* _Problem statement_:
Exactly the lines from the one with "R11: 1K; 0805-THM" through the end of the data below must be set down, and no pictures with them.

(Stored items)
============================================================
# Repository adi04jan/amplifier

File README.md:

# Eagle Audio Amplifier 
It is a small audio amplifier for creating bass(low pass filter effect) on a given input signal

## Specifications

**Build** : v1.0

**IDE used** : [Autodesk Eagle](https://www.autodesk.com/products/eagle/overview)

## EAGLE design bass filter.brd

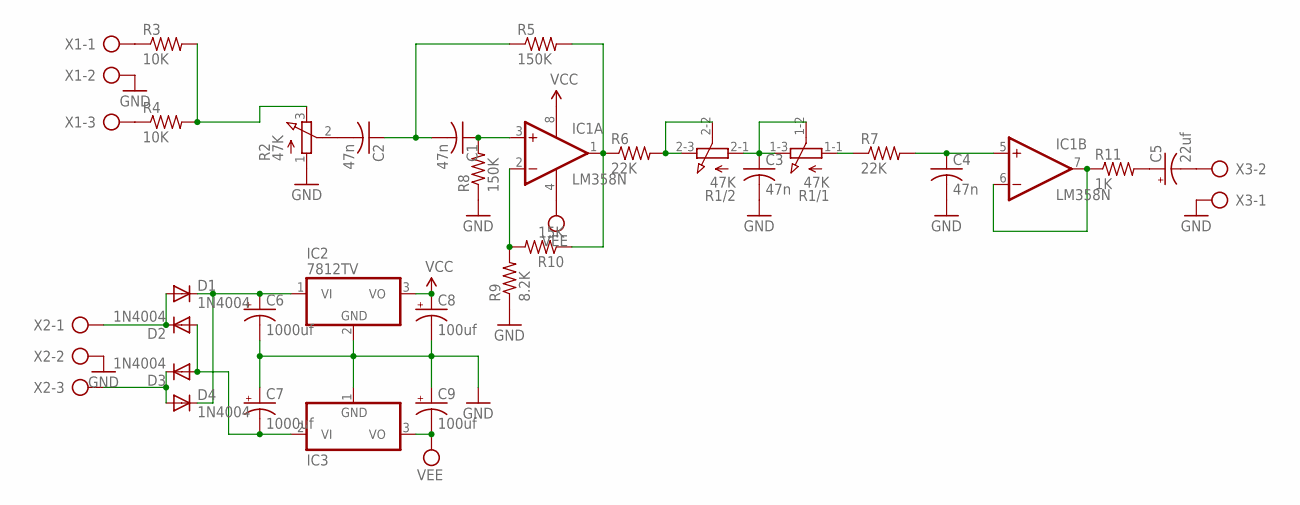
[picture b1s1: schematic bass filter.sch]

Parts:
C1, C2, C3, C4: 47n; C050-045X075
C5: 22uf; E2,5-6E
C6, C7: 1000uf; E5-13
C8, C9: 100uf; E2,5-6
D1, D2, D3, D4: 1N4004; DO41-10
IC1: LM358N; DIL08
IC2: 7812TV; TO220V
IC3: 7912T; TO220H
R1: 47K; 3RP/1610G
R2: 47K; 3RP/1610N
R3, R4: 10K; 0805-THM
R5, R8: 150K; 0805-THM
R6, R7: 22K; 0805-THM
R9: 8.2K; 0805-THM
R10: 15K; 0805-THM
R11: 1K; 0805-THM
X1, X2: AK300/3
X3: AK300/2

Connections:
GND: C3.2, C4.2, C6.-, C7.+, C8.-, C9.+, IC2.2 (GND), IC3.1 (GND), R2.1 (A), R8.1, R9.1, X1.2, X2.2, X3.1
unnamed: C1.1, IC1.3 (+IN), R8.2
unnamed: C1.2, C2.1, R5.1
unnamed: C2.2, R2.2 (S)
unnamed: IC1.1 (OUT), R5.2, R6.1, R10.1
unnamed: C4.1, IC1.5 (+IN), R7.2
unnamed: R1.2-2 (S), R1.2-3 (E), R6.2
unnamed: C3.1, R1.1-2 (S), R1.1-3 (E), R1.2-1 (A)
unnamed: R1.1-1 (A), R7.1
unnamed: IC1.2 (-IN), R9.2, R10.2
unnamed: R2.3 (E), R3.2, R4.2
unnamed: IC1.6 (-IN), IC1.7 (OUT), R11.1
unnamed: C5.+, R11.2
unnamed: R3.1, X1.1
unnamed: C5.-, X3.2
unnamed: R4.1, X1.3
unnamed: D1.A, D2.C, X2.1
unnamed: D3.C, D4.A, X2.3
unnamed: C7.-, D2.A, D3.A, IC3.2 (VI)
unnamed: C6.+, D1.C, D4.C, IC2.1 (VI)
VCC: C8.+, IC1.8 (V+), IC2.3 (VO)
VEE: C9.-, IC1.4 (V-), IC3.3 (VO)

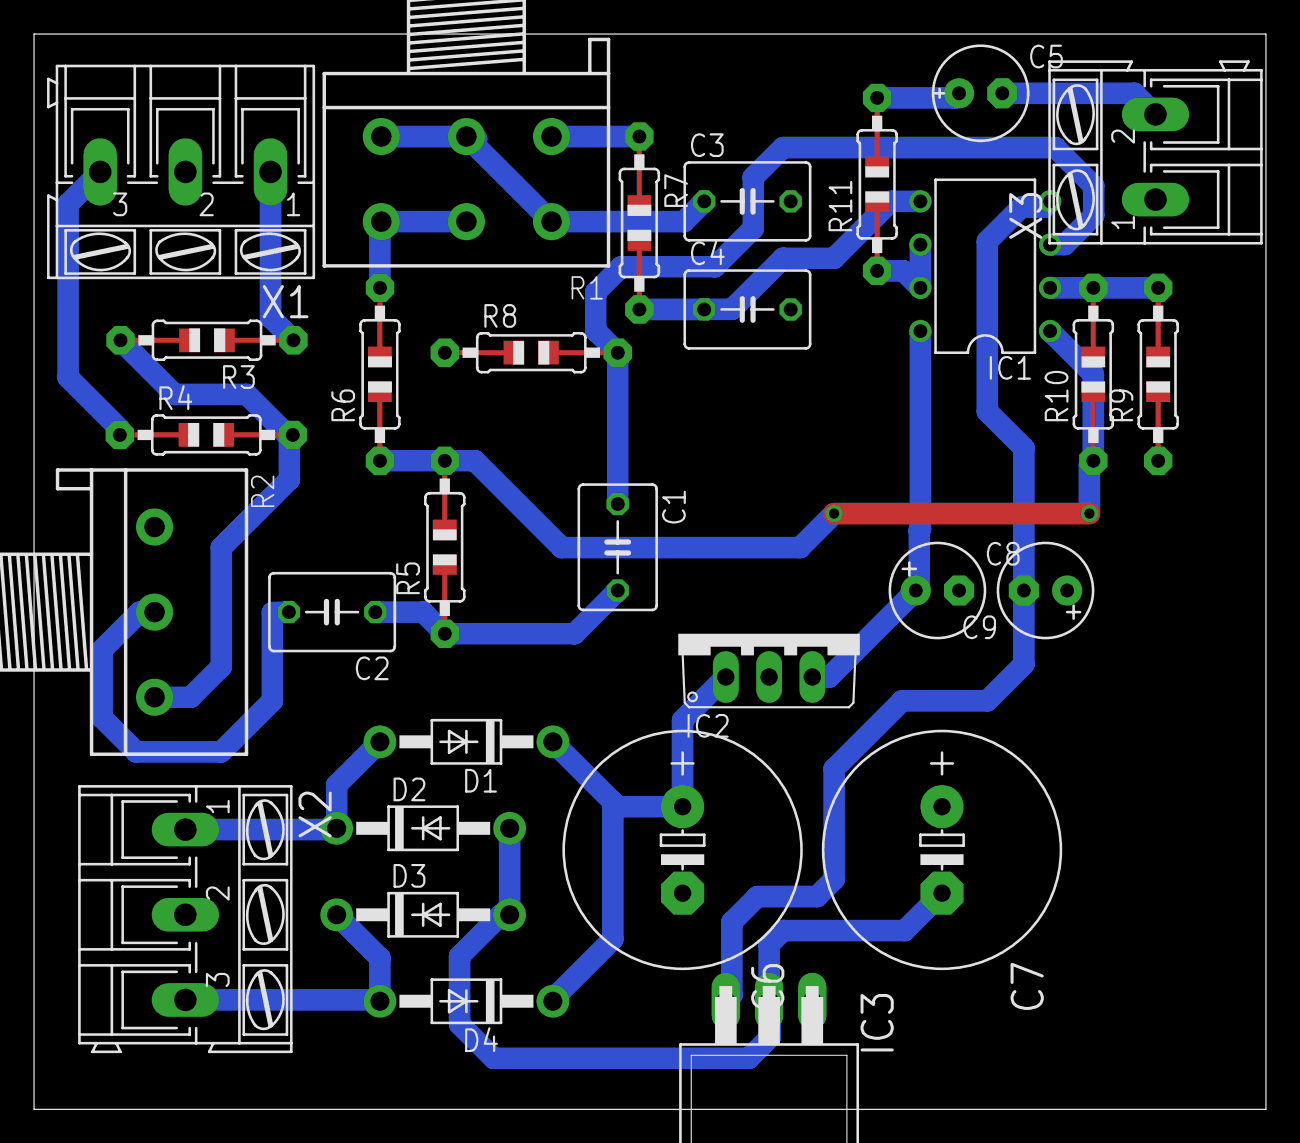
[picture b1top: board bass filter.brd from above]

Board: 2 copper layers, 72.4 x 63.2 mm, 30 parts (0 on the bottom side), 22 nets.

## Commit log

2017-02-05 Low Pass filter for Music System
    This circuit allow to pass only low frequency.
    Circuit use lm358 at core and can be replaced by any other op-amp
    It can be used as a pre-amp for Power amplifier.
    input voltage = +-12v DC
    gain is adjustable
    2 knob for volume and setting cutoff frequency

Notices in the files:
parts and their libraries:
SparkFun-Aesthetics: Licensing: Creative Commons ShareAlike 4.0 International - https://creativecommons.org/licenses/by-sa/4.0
============================================================
* _Exercise output_:
R11: 1K; 0805-THM
X1, X2: AK300/3
X3: AK300/2

Connections:
GND: C3.2, C4.2, C6.-, C7.+, C8.-, C9.+, IC2.2 (GND), IC3.1 (GND), R2.1 (A), R8.1, R9.1, X1.2, X2.2, X3.1
unnamed: C1.1, IC1.3 (+IN), R8.2
unnamed: C1.2, C2.1, R5.1
unnamed: C2.2, R2.2 (S)
unnamed: IC1.1 (OUT), R5.2, R6.1, R10.1
unnamed: C4.1, IC1.5 (+IN), R7.2
unnamed: R1.2-2 (S), R1.2-3 (E), R6.2
unnamed: C3.1, R1.1-2 (S), R1.1-3 (E), R1.2-1 (A)
unnamed: R1.1-1 (A), R7.1
unnamed: IC1.2 (-IN), R9.2, R10.2
unnamed: R2.3 (E), R3.2, R4.2
unnamed: IC1.6 (-IN), IC1.7 (OUT), R11.1
unnamed: C5.+, R11.2
unnamed: R3.1, X1.1
unnamed: C5.-, X3.2
unnamed: R4.1, X1.3
unnamed: D1.A, D2.C, X2.1
unnamed: D3.C, D4.A, X2.3
unnamed: C7.-, D2.A, D3.A, IC3.2 (VI)
unnamed: C6.+, D1.C, D4.C, IC2.1 (VI)
VCC: C8.+, IC1.8 (V+), IC2.3 (VO)
VEE: C9.-, IC1.4 (V-), IC3.3 (VO)

[picture b1top: board bass filter.brd from above]

Board: 2 copper layers, 72.4 x 63.2 mm, 30 parts (0 on the bottom side), 22 nets.

## Commit log

2017-02-05 Low Pass filter for Music System
    This circuit allow to pass only low frequency.
    Circuit use lm358 at core and can be replaced by any other op-amp
    It can be used as a pre-amp for Power amplifier.
    input voltage = +-12v DC
    gain is adjustable
    2 knob for volume and setting cutoff frequency

Notices in the files:
parts and their libraries:
SparkFun-Aesthetics: Licensing: Creative Commons ShareAlike 4.0 International - https://creativecommons.org/licenses/by-sa/4.0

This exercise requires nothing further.